Reproduce the opening lines of the records exactly, please, stopping after the line that contains "Most design decisions".

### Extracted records
········

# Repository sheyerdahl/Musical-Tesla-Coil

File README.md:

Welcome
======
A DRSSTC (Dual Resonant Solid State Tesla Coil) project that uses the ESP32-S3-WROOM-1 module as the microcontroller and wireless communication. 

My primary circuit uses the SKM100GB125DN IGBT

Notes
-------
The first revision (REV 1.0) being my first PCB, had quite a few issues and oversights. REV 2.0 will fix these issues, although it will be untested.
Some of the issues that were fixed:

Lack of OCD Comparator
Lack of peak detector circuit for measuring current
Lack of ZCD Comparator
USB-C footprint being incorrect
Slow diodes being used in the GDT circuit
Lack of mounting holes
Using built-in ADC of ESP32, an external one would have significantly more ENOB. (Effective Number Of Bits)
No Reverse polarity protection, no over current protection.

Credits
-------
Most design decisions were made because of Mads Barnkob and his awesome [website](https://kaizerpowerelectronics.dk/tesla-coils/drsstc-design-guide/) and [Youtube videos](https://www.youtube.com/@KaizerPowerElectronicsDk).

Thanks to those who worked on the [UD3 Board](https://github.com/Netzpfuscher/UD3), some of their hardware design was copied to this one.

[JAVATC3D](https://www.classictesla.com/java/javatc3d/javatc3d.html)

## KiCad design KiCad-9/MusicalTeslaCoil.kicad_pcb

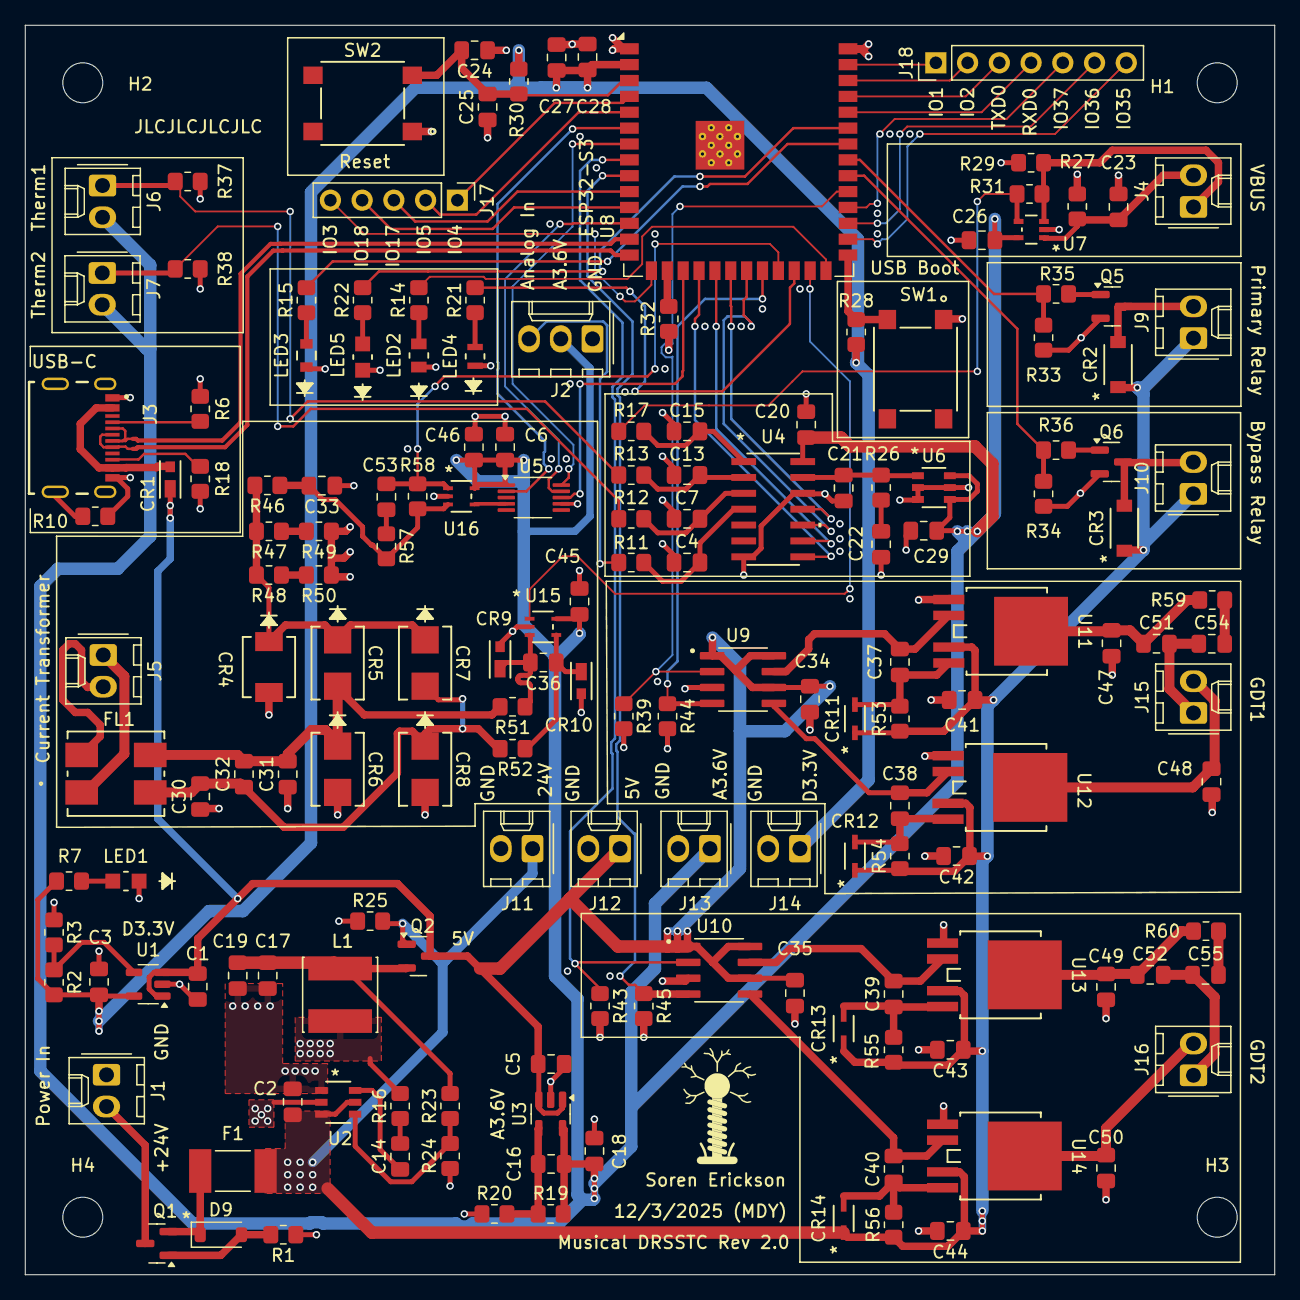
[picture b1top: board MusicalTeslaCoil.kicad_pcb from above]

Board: 4 copper layers, 100.0 x 100.0 mm, 169 parts (0 on the bottom side), 105 nets.

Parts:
C1, C3, C5, C18, C20, C22, C29, C51, C52: 2.2uF; C_0805_2012Metric_Pad1.18x1.45mm_HandSolder
C2, C17, C19, C27, C28: 10uF; C_0805_2012Metric_Pad1.18x1.45mm_HandSolder
C4, C7, C13, C15, C16, C23: 10nF; C_0805_2012Metric_Pad1.18x1.45mm_HandSolder
C6, C25, C45, C46, C54, C55: 1uF; C_0805_2012Metric_Pad1.18x1.45mm_HandSolder
C14, C24, C26, C37, C38, C39, C40: 0.1uF; C_0805_2012Metric_Pad1.18x1.45mm_HandSolder
C21, C32, C47, C48, C49, C50: 1nF; C_0805_2012Metric_Pad1.18x1.45mm_HandSolder
C30, C31, C33, C36: 150pF; C_0805_2012Metric_Pad1.18x1.45mm_HandSolder
C34, C35, C41, C42, C43, C44: 4.7uF; C_0805_2012Metric_Pad1.18x1.45mm_HandSolder
C53: 470pF; C_0805_2012Metric_Pad1.18x1.45mm_HandSolder
CR1, CR9, CR10: MSS1P4-M3/89A; DIODE_MSP3V3
CR2, CR3: 1N4007FL; CR_SOD-123FL_SME
CR4: SMBJ3V3-E3/52; CR_V3-E3&slash_52_VIS
CR5, CR6, CR7, CR8: ES2B-E3/52T; DO-214AA_VIS
CR11, CR12, CR13, CR14: 1N4148WS-7-F; CR_SOD323_MCC
D9: BZT52C15-7-F; D_SOD-123
F1: 0ZCG0050AF2C; FUSER_0ZCG0050AF2C
FL1: WCM 7060FASF-701-LM; FL4_WCM7060_TTA
H1, H2, H3, H4: MountingHole; MountingHole_3.2mm_M3
J1: Power in; Molex_KK-254_AE-6410-02A_1x02_P2.54mm_Vertical
J2: Conn_01x03; Molex_KK-254_AE-6410-03A_1x03_P2.54mm_Vertical
J3: USB4215-03-A; USB4215_03_A
J4: VBUS; Molex_KK-254_AE-6410-02A_1x02_P2.54mm_Vertical
J5: Current Transformer; Molex_KK-254_AE-6410-02A_1x02_P2.54mm_Vertical
J6: NTC Thermistor 1; Molex_KK-254_AE-6410-02A_1x02_P2.54mm_Vertical
J7: NTC Thermistor 2; Molex_KK-254_AE-6410-02A_1x02_P2.54mm_Vertical
J9: Primary Relay; Molex_KK-254_AE-6410-02A_1x02_P2.54mm_Vertical
J10: Soft Start Bypass Relay; Molex_KK-254_AE-6410-02A_1x02_P2.54mm_Vertical
J11, J12, J13, J14: Conn_01x02; Molex_KK-254_AE-6410-02A_1x02_P2.54mm_Vertical
J15: GDT1; Molex_KK-254_AE-6410-02A_1x02_P2.54mm_Vertical
J16: GDT2; Molex_KK-254_AE-6410-02A_1x02_P2.54mm_Vertical
J17: Conn_01x05; PinHeader_1x05_P2.54mm_Vertical
J18: Conn_01x07; PinHeader_1x07_P2.54mm_Vertical
L1: VLS6045EX-150M; VLS6045EX_150M
LED1, LED5: LTST-C170GKT; LED_LTST-C170GKT_LTO
LED2: LTST-C170KFKT; LED_LTST-C170KFKT_LTO
LED3: LTST-C171KRKT; LED_LTST-C171_LTO
LED4: LTST-C170KSKT; LED_LTST-C170KSKT_LTO
Q1: GSF3407; SOT-23
Q2: SSF7912; SOT-23
Q5, Q6: 2N7002K; SOT-23
R1, R6, R18: 5.1k; R_0805_2012Metric_Pad1.20x1.40mm_HandSolder
R2, R19, R24, R29, R31: 3k; R_0805_2012Metric_Pad1.20x1.40mm_HandSolder
R3: 15k; R_0805_2012Metric_Pad1.20x1.40mm_HandSolder
R7, R14, R15, R21, R22, R57: 150; R_0805_2012Metric_Pad1.20x1.40mm_HandSolder
R10: 100k; R_0805_2012Metric_Pad1.20x1.40mm_HandSolder
R11, R12, R13, R17, R37, R38, R46, R51, R52, R53, R54, R55, R56: 1k; R_0805_2012Metric_Pad1.20x1.40mm_HandSolder
R16: 0; R_0805_2012Metric_Pad1.20x1.40mm_HandSolder
R20: 16.5k; R_0805_2012Metric_Pad1.20x1.40mm_HandSolder
R23: 22k; R_0805_2012Metric_Pad1.20x1.40mm_HandSolder
R25, R28, R30, R32, R33, R34, R39, R43, R44, R45: 10k; R_0805_2012Metric_Pad1.20x1.40mm_HandSolder
R26, R35, R36: 51; R_0805_2012Metric_Pad1.20x1.40mm_HandSolder
R27: 1.5k; R_0805_2012Metric_Pad1.20x1.40mm_HandSolder
R47, R48, R49, R50: 3.3 0.5W; R_0805_2012Metric_Pad1.20x1.40mm_HandSolder
R58: 200k; R_0805_2012Metric_Pad1.20x1.40mm_HandSolder
R59, R60: 15; R_0805_2012Metric_Pad1.20x1.40mm_HandSolder
SW1: USB Boot; SO4_222A-M-V-B_CTS
SW2: Reset; SO4_222A-M-V-B_CTS
U1, U3: TLV75801PDBV; SOT-23-5
U2: TPP362082-T6TR; TSOT23-6-A_TPK
U4: MCP3204T-CI/SL; SOIC14-N_MC_MCH
U5: MCP48FVB11
U6: MCP1501T-33E/CHY; SOT-23-6_CHY_MCH
U7: MCP6006UT-E/LT; SC70-5_LT_MCH
U8: ESP32-S3-WROOM-1
U9, U10: UCC27423DR; SOIC127P599X175-8N
U11, U12, U13, U14: DMC4029SK4-13; TO252-4_DMC4029SK4-13_DIO
U15, U16: NCS2250SQ2T2G; SC70-5_2P2X1P35_ONS

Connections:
5V: C1.2, C5.2, C34.2, C35.2, CR1.1, J12.1, Q2.3 (D), U1.1 (IN), U1.3 (EN), U3.1 (IN), U3.3 (EN), U9.1 (ENBA), U9.6 (VDD), U9.8 (ENBB), U10.1 (ENBA), U10.6 (VDD), U10.8 (ENBB)
24V: C2.1, C41.1, C42.1, C43.1, C44.1, CR2.1, CR3.1, CR11.1, CR12.1, CR13.1, CR14.1, F1.1, J9.1, J10.1, J11.1, Q2.1 (G), R25.2, R53.1, R54.1, R55.1, R56.1, U2.3 (VIN), U2.5 (EN), U11.3 (P-Chan_S), U12.3 (P-Chan_S), U13.3 (P-Chan_S), U14.3 (P-Chan_S)
A3.6V: C6.2, C16.2, C18.2, C20.2, C26.2, C29.2, C45.2, C46.2, J2.2, J6.2, J7.2, J13.1, R19.2, U3.5 (OUT), U4.14 (VDD), U5.1 (VDD), U6.4 (*SHDN), U6.6 (VDD), U7.5 (V+), U15.5 (V+), U16.5 (V+)
ADC_CLK: U4.11 (CLK), U8.20 (IO12)
ADC_CS: U4.8 (*CS/SHDN), U8.18 (IO10)
ADC_DIN: U4.9 (DIN), U8.19 (IO11)
ADC_DOUT: U4.10 (DOUT), U8.21 (IO13)
BypassRelay: R34.1, R36.2, U8.32 (IO39)
CTOut: C33.2, R46.1, R57.2, R58.2, U16.3 (+)
D3.3V: C3.2, C27.2, C28.1, J14.1, R2.2, R7.2, R28.1, R30.1, U1.5 (OUT), U8.2 (3V3)
DACVOut: U5.4 (VOut), U16.4 (-)
DAC_CLK: U5.9 (SCK), U8.12 (IO8)
DAC_CS: U5.2 (*CS), U8.6 (IO6)
DAC_DIN: U5.10 (SDI), U8.7 (IO7)
DAC_DOUT: U5.8 (SDO), U8.17 (IO9)
GD1-A: R39.1, U8.31 (IO38), U9.2 (INA)
GD1-B: R44.1, U8.22 (IO14), U9.4 (INB)
GD2-A: R43.1, U8.8 (IO15), U10.2 (INA)
GD2-B: R45.1, U8.9 (IO16), U10.4 (INB)
GND: C1.1, C2.2, C3.1, C4.1, C5.1, C6.1, C7.1, C13.1, C15.1, C17.2, C18.1, C19.2, C20.1, C21.1, C22.1, C23.1, C24.1, C25.1, C26.1, C27.1, C28.2, C29.1, C30.1, C31.1, C33.1, C34.1, C35.1, C41.2, C42.2, C43.2, C44.2, C45.1, C46.1, C47.2, C48.2, C49.2, C50.2, CR4.2, CR6.2, CR8.2, CR9.2, CR10.2, J1.1, J2.1, J3.A1_B12 (GND_A), J3.B1_A12 (GND_B), J11.2, J12.2, J13.2, J14.2, LED1.1, LED2.1, LED3.1, LED4.1, LED5.1, Q5.2 (S), Q6.2 (S), R1.1, R3.1, R6.1, R10.2, R18.1, R20.1, R24.1, R25.1, R27.1, R29.1, R32.1, R33.2, R34.2, R37.2, R38.2, R39.2, R43.2, R44.2, R45.2, R49.1, R50.1, SW1.1 (A), SW2.1 (A), U1.2 (GND), U2.1 (GND), U3.2 (GND), U4.7 (DGND), U4.12 (AGND), U5.7 (GND), U6.2 (GND), U6.3 (GND), U6.5 (GND), U7.2 (V-), U8.1 (GND), U8.40 (GND), U8.41 (GND), U9.3 (GND), U10.3 (GND), U11.1 (N-Chan_S), U12.1 (N-Chan_S), U13.1 (N-Chan_S), U14.1 (N-Chan_S), U15.2 (V-), U16.2 (V-)
IO1: J18.1, U8.39 (IO1)
IO2: J18.2, U8.38 (IO2)
IO3: J17.5, U8.15 (IO3)
IO4: J17.1, U8.4 (IO4)
IO5: J17.2, U8.5 (IO5)
IO17: J17.3, U8.10 (IO17)
IO18: J17.4, U8.11 (IO18)
IO35: J18.7, U8.28 (IO35)
IO36: J18.6, U8.29 (IO36)
IO37: J18.5, U8.30 (IO37)
LED1: R15.2, U8.34 (IO41)
LED2: R22.2, U8.35 (IO42)
LED3: R14.2, U8.26 (IO45)
LED4: R21.2, U8.24 (IO47)
unnamed: C14.2, R16.1
unnamed: C22.2, R26.1
unnamed: C30.2, C32.1, CR7.2, CR8.1, FL1.3, R52.2
unnamed: C31.2, C32.2, CR5.2, CR6.1, FL1.4, R51.2
unnamed: C53.2, R57.1
unnamed: C54.2, R59.2
unnamed: C55.2, R60.2
unnamed: CR4.1, CR5.1, CR7.1, R46.2, R47.2, R48.2
unnamed: D9.2 (A), Q1.1 (G), R1.2
unnamed: D9.1 (K), F1.2, Q1.2 (S)
unnamed: J1.2, Q1.3 (D)
unnamed: J2.3, R11.2
unnamed: J3.A5 (CC1), R6.2
unnamed: J3.B5 (CC2), R18.2
unnamed: J3.SH4 (SHIELD__3), R10.1
unnamed: CR1.2, J3.A4_B9 (VBUS_A), J3.B4_A9 (VBUS_B)
unnamed: J4.1, R29.2, R31.2, U7.3 (-)
unnamed: C23.2, J4.2, R27.2, U7.1 (+)
unnamed: FL1.2, J5.1
unnamed: FL1.1, J5.2
unnamed: CR2.2, J9.2, Q5.3 (D)
unnamed: CR3.2, J10.2, Q6.3 (D)
unnamed: C51.1, C54.1, J15.1
unnamed: C48.1, J15.2, U12.5 (Drain)
unnamed: C52.1, C55.1, J16.1
unnamed: C50.1, J16.2, U14.5 (Drain)
unnamed: LED1.2, R7.1
unnamed: LED2.2, R14.1
unnamed: LED3.2, R15.1
unnamed: LED4.2, R21.1
unnamed: LED5.2, R22.1
unnamed: C17.1, C19.1, L1.2, Q2.2 (S), R23.2
unnamed: Q5.1 (G), R35.1
unnamed: Q6.1 (G), R36.1
unnamed: R47.1, R49.2
unnamed: R48.1, R50.2
unnamed: R28.2, SW1.2 (B), U8.27 (IO0)
unnamed: C24.2, C25.2, R30.2, SW2.2 (B), U8.3 (EN)
unnamed: R2.1, R3.2, U1.4 (FB)
unnamed: L1.1, R16.2, U2.2 (SW)
unnamed: C14.1, U2.6 (VBST)
unnamed: R23.1, R24.2, U2.4 (VFB)
unnamed: C16.1, R19.1, R20.2, U3.4 (FB)
unnamed: C15.2, R17.1, U4.1 (CH0)
unnamed: C13.2, R13.1, U4.2 (CH1)
unnamed: C7.2, R12.1, U4.3 (CH2)
unnamed: C4.2, R11.1, U4.4 (CH3)
unnamed: C21.2, R26.2, U4.13 (VREF), U6.1 (OUT)
unnamed: R32.2, U8.16 (IO46)
unnamed: C39.2, U10.7 (OUTA), U13.2 (N-Chan_G)
unnamed: C40.2, U10.5 (OUTB), U14.2 (N-Chan_G)
unnamed: C47.1, C51.2, R59.1, U11.5 (Drain)
unnamed: C37.2, U9.7 (OUTA), U11.2 (N-Chan_G)
unnamed: C37.1, CR11.2, R53.2, U11.4 (P-Chan_G)
unnamed: C38.2, U9.5 (OUTB), U12.2 (N-Chan_G)
unnamed: C38.1, CR12.2, R54.2, U12.4 (P-Chan_G)
unnamed: C49.1, C52.2, R60.1, U13.5 (Drain)
unnamed: C39.1, CR13.2, R55.2, U13.4 (P-Chan_G)
unnamed: C40.1, CR14.2, R56.2, U14.4 (P-Chan_G)
unnamed: C36.2, CR9.1, R51.1, U15.3 (+)
unnamed: C36.1, CR10.1, R52.1, U15.4 (-)
OCDInterrupt: C53.1, R58.1, U8.23 (IO21), U16.1
PrimaryRelay: R33.1, R35.2, U8.33 (IO40)
RXD0: J18.4, U8.36 (RXD0)
TXD0: J18.3, U8.37 (TXD0)
Therm1: J6.1, R13.2, R37.1
Therm2: J7.1, R12.2, R38.1
USB_D+: J3.A6 (DP1), J3.B6 (DP2), U8.14 (USB_D+)
USB_D-: J3.A7 (DN1), J3.B7 (DN2), U8.13 (USB_D-)
VBUS: R17.2, R31.1, U7.4
ZCDInterrupt: U8.25 (IO48), U15.1

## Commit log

2025-08-15 Renamed MusicalTeslaCoil folder to KiCad-9
2025-08-15 Create LICENSE
2025-10-17 Added web app
2025-10-28 Updated web app
2025-11-05 Added midi control
2025-11-07 Added midi octave slider
2025-11-07 Added ESP32 firmware
2025-11-07 Fixed crash on midi song ending
2025-11-07 Added build to .gitignore
2025-11-08 Added support for chords in midi playback
2025-11-12 Driver board can now reconnect BLE connection
2025-11-17 Added Chord Swap Time slider.
2025-11-17 Set max duty cycle to 10%
2025-12-04 Uploaded Rev 2.0
2025-12-04 Update README to clarify IGBT usage
2025-12-04 Added margin to sliders

········

### Written answer
# Repository sheyerdahl/Musical-Tesla-Coil

File README.md:

Welcome
======
A DRSSTC (Dual Resonant Solid State Tesla Coil) project that uses the ESP32-S3-WROOM-1 module as the microcontroller and wireless communication. 

My primary circuit uses the SKM100GB125DN IGBT

Notes
-------
The first revision (REV 1.0) being my first PCB, had quite a few issues and oversights. REV 2.0 will fix these issues, although it will be untested.
Some of the issues that were fixed:

Lack of OCD Comparator
Lack of peak detector circuit for measuring current
Lack of ZCD Comparator
USB-C footprint being incorrect
Slow diodes being used in the GDT circuit
Lack of mounting holes
Using built-in ADC of ESP32, an external one would have significantly more ENOB. (Effective Number Of Bits)
No Reverse polarity protection, no over current protection.

Credits
-------
Most design decisions were made because of Mads Barnkob and his awesome [website](https://kaizerpowerelectronics.dk/tesla-coils/drsstc-design-guide/) and [Youtube videos](https://www.youtube.com/@KaizerPowerElectronicsDk).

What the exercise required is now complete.